Phillips Norman

NORMAN PHILLIPs is a theoretical meteorologist who pioneered the use of numerical methods for the prediction of weather and climate changes. His influential studies led to the first computer models of weather and climate, as well as to an understanding of the general circulation of the atmosphere, including the transports of heat and moisture that determine the Earth's climate. His 1955 model is generally regarded as a ground-breaking device that helped to win scientific skepticism in reproducing the patterns of wind and pressure of the entire atmosphere within a computer model.

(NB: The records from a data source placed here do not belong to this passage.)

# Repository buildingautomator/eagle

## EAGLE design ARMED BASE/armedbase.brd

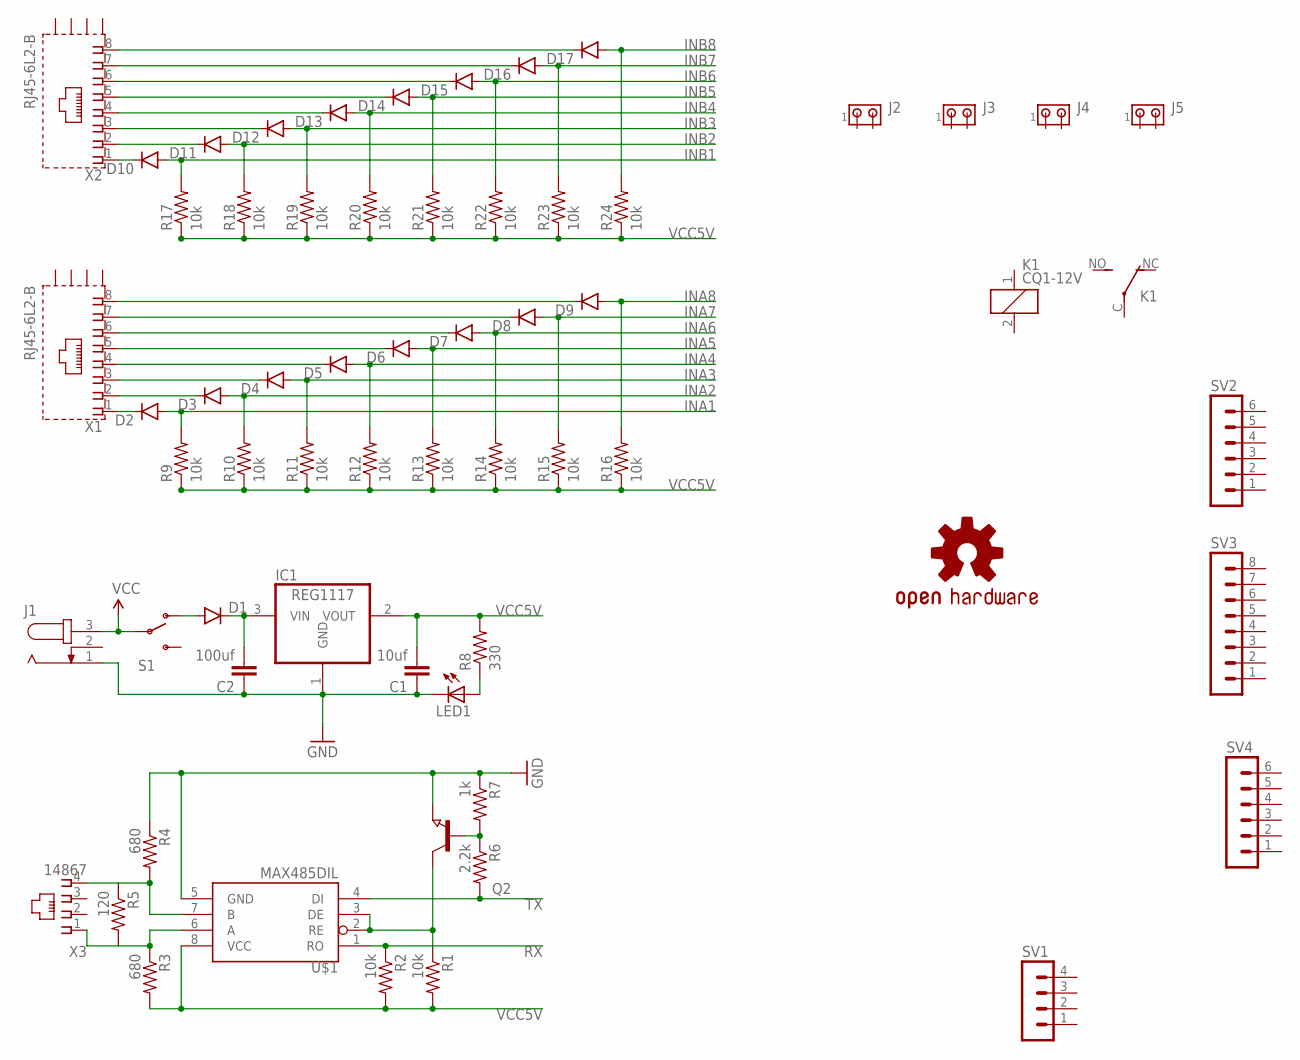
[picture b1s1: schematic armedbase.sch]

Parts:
C1: 10uf; 0805
C2: 100uf; 0805
D1, D2, D3, D4, D5, D6, D7, D8, D9, D10, D11, D12, D13, D14, D15, D16, D17: DIODESMA; SMA-DIODE
IC1: REG1117; SOT223
J1: JACK-PLUG1; SPC4078
J2, J3, J4, J5: MTA02-156; 1X2MTA
K1: CQ1-12V; CQ1
LED1: LEDCHIP-LED0805; CHIP-LED0805
LOGO2: OSHW-LOGOL; OSHW-LOGO-L
Q2: NPN-TRANSISTOR_SOT23; SOT23
R1, R2, R9, R10, R11, R12, R13, R14, R15, R16, R17, R18, R19, R20, R21, R22, R23, R24: 10k; 0805
R3, R4: 680; 0805
R5: 120; 0805
R6: 2.2k; 0805
R7: 1k; 0805
R8: 330; 0805
S1: SWITCH-SPDTSMD2; SWITCH-SPDT-SMD
SV1: MA04-1
SV2, SV4: MA06-1
SV3: MA08-1
U$1: MAX485DIL; DIL08
X1, X2: RJ45-6L2-B; RJ45-SHIELD2
X3: 14867

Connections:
GND: C1.1, C2.1, IC1.1 (GND), J1.1, LED1.C, Q2.2 (E), R4.1, R7.1, U$1.5 (GND)
INA1: D2.A, R9.2
INA2: D3.A, R10.2
INA3: D4.A, R11.2
INA4: D5.A, R12.2
INA5: D6.A, R13.2
INA6: D7.A, R14.2
INA7: D8.A, R15.2
INA8: D9.A, R16.2
INB1: D10.A, R17.2
INB2: D11.A, R18.2
INB3: D12.A, R19.2
INB4: D13.A, R20.2
INB5: D14.A, R21.2
INB6: D15.A, R22.2
INB7: D16.A, R23.2
INB8: D17.A, R24.2
unnamed: D2.C, X1.1
unnamed: Q2.3 (C), R1.1, U$1.2 (RE), U$1.3 (DE)
unnamed: D10.C, X2.1
unnamed: Q2.1 (B), R6.1, R7.2
unnamed: D11.C, X2.2
unnamed: R4.2, R5.1, U$1.7 (B), X3.4
unnamed: R3.1, R5.2, U$1.6 (A), X3.1
unnamed: D12.C, X2.3
unnamed: D13.C, X2.4
unnamed: LED1.A, R8.1
unnamed: D14.C, X2.5
unnamed: D1.A, S1.1 (O)
unnamed: C2.2, D1.C, IC1.3 (VIN)
unnamed: D15.C, X2.6
unnamed: D16.C, X2.7
unnamed: D17.C, X2.8
unnamed: D3.C, X1.2
unnamed: D4.C, X1.3
unnamed: D5.C, X1.4
unnamed: D6.C, X1.5
unnamed: D7.C, X1.6
unnamed: D8.C, X1.7
unnamed: D9.C, X1.8
RX: R2.1, U$1.1 (RO)
TX: R6.2, U$1.4 (DI)
VCC: J1.3, S1.2
VCC5V: C1.2, IC1.2 (VOUT), R1.2, R2.2, R3.2, R8.2, R9.1, R10.1, R11.1, R12.1, R13.1, R14.1, R15.1, R16.1, R17.1, R18.1, R19.1, R20.1, R21.1, R22.1, R23.1, R24.1, U$1.8 (VCC)

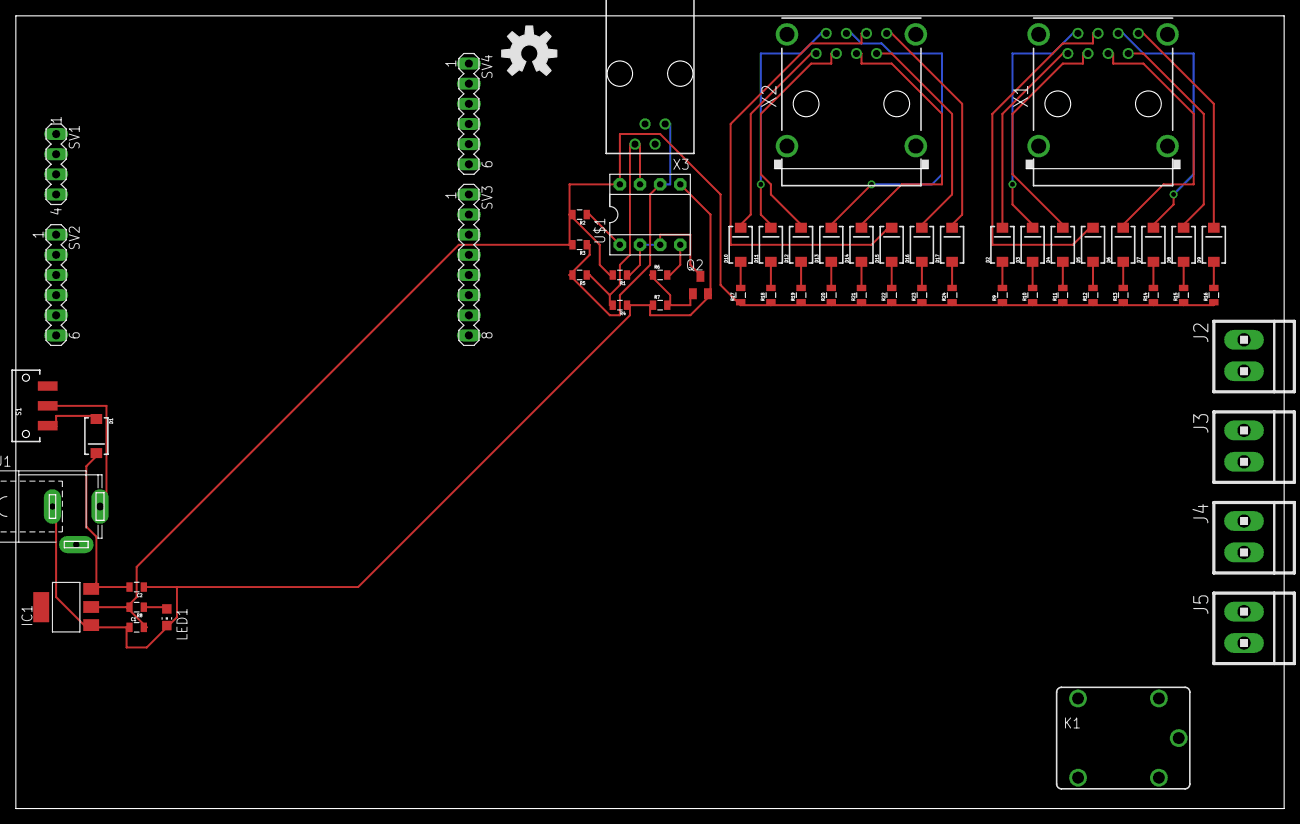
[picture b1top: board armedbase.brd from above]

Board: 2 copper layers, 160.0 x 100.0 mm, 62 parts (0 on the bottom side), 44 nets.

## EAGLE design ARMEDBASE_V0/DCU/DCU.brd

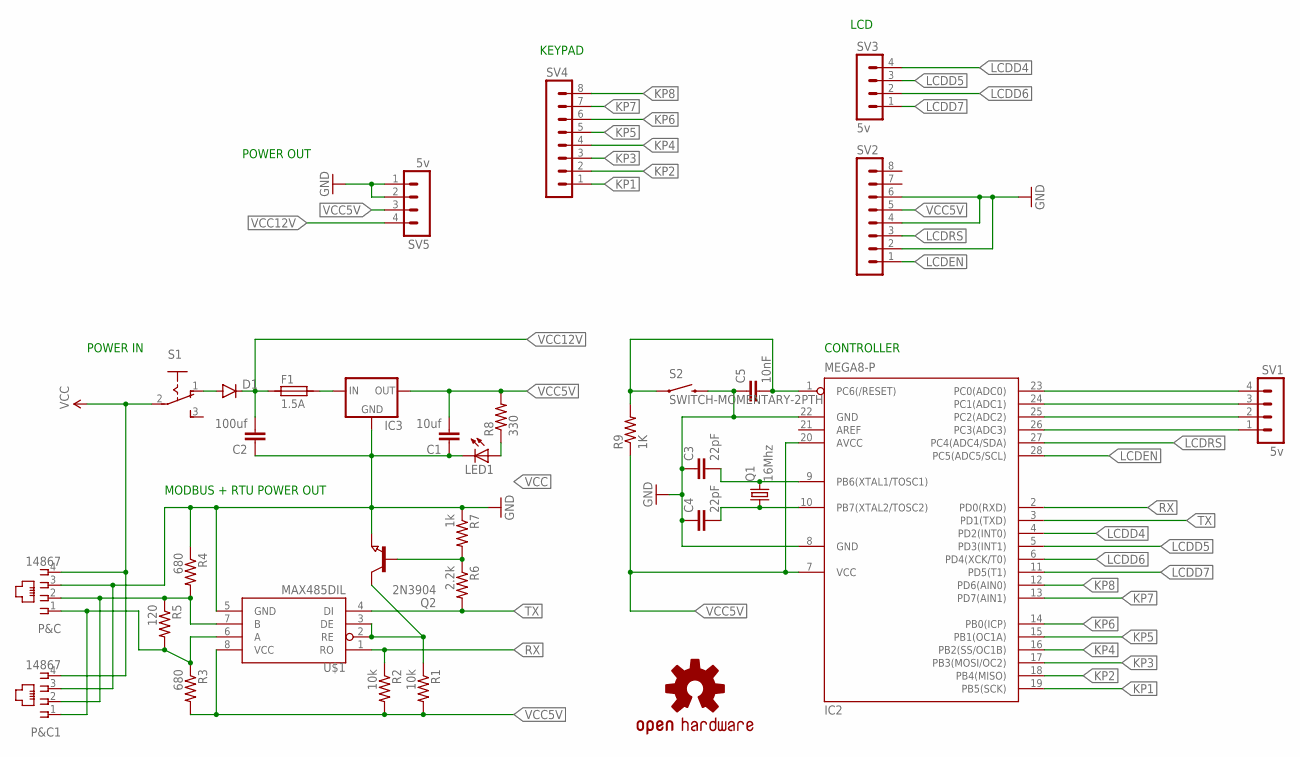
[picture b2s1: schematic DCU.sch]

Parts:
C1: 10uf; 0805
C2: 100uf; 0805
C3, C4: 22pF; 0805
C5: 10nF; 0805
D1: DIODESMA; SMA-DIODE
F1: 1.5A; 1820
IC2: MEGA8-P; DIL28-3
IC3: V_REG_78XX-TO-220; TO-220-ALT
LED1: LEDCHIP-LED0805; CHIP-LED0805
LOGO1: OSHW-LOGOL; OSHW-LOGO-L
P&C, P&C1: 14867
Q1: 16Mhz; SM49
Q2: 2N3904; SOT23
R1, R2: 10k; 0805
R3, R4: 680; 0805
R5: 120; 0805
R6: 2.2k; 0805
R7: 1k; 0805
R8: 330; 0805
R9: 1K; 0805
S1: 255SB
S2: SWITCH-MOMENTARY-2PTH; TACTILE-PTH
SV1, SV3, SV5: 5v; MA04-1
SV2, SV4: MA08-1
U$1: MAX485DIL; DIL08

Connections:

Phillips received his B.S. from the University of Chicago in 1947 and his Ph.D. in 1951. He was the first to show, with a simple general circulation model, that weather prediction with numerical models was possible. The advent of numerical weather predictions in the 1950s also marked the transformation of weather forecasting from a highly individualistic effort to a cooperative task in which teams of experts developed complex computer programs. With the first digital computer in the 1950s, scientists tried to represent the complexity of the atmosphere and its circulation in numerical equations. Nineteenth- and early 20th-century mathematicians such as Vilhelm Bjerknes and Lewis Fry Richardson had failed to come up with adequate mathematical models. Through the 1950s, some leading meteorologists tried to replace Bjerknes and Richardson's numerical approach with methods based on mathematical functions, working with simplified forms of the physics equations that described the entire global atmosphere. They succeeded in getting only partial mathematical models. These reproduced some features of atmospheric layers, but they could not show persuasively the features of the general circulation. Their suggested solutions contained instabilities as they could not account for eddies and other crucial features. Discouraged by such failures, scientists began to think that the real atmosphere was too complex to be described by a few lines of mathematics. The comment of such a leading climatologist as Bert Bolin is revealing of this skepticism. In 1952 Bolin argued that there was very little hope for the possibility of deducing a theory for the general circulation of the atmosphere from the complete hydrodynamic and thermodynamic equations. Yet, computers opened up new possibilities in the field, although the first digital specimens were extremely slow and often broke down.

Jule Charney was the first to devise a two-dimensional weather simulation. Dividing North America into a grid of cells, the computer started with real weather data for a particular day and then solved all the equations, working out how the air should respond to the differences in conditions between each pair of adjacent cells. It then stepped forward using a three-hour step and computed all the cells again. The system was slow to operate and it had imperfections, yet its completion paved the way for more researches to be carried out. It was Norman Phillips who sought to address the problems in Charney's model. The challenge for meteorologists now became the computation of the unchanging average of the weather given a set of unchanging conditions such as the physics of air and sunlight and the geography of mountains and oceans. This was a "boundary problem." A parallel problem that they had to face was that of the "initial value," where the operation of calculating how the system evolves from a particular set of conditions found at one moment becomes less accurate as the prediction moves forward in time.

Phillips was inspired by "dishpan" experiments carried out in Chicago, where patterns resembling weather had been modeled in a rotating pan of water that was heated at the edge. For Phillips this showed that "at least the gross features of the general circulation of the atmosphere can be predicted without having to specify the heating and cooling in great detail."

Phillips argued that if such an elementary laboratory system could effectively model a hemisphere of the atmosphere, a more advanced tool such as a computer should be able to do it as well. Although certainly more advanced than a dishpan, Phillips's computer was still quite primitive. Thus, his model had to be extremely simple. By mid-1955 Phillips had devised improved equations for a two-layer atmosphere. To avoid mathematical difficulties, his grid covered not a hemisphere but a cylinder, 17 cells high and 16 in. in circumference. The calculations allowed the representation of a plausible jet stream and the evolution of a realistic-looking weather disturbance over a period of a month.

This settled an old controversy over what procedures set up the pattern of circulation. The simulation-based approach became the generally accepted method to devise circulation models. For the first time scientists could visualize how giant eddies spinning through the atmosphere played a key role in moving energy from place to place. Phillips's model was quickly hailed as a "classic experiment," the first true general circulation model (GCM). Phillips used only six basic equations (PDEs) which have been since described as the "primitive equations". They are generally conceived of as the physical basis of climatology. These equations represent well-known physics of hydrodynamics. The model was able to reproduce the global flow patterns of the real atmosphere. Phillips was awarded the Benjamin Franklin Award in 2003.

sEE ALsO: Atmospheric General Circulation Models; Bolin, Bert; Computer Models; Richardson, Lewis Fry.

bibliography. Edward N. Lorenz, The Global Circulation of the Atmosphere (Princeton University Press, 2007); Spencer Weart, The Discovery of Global Warming (Harvard University Press, 2004).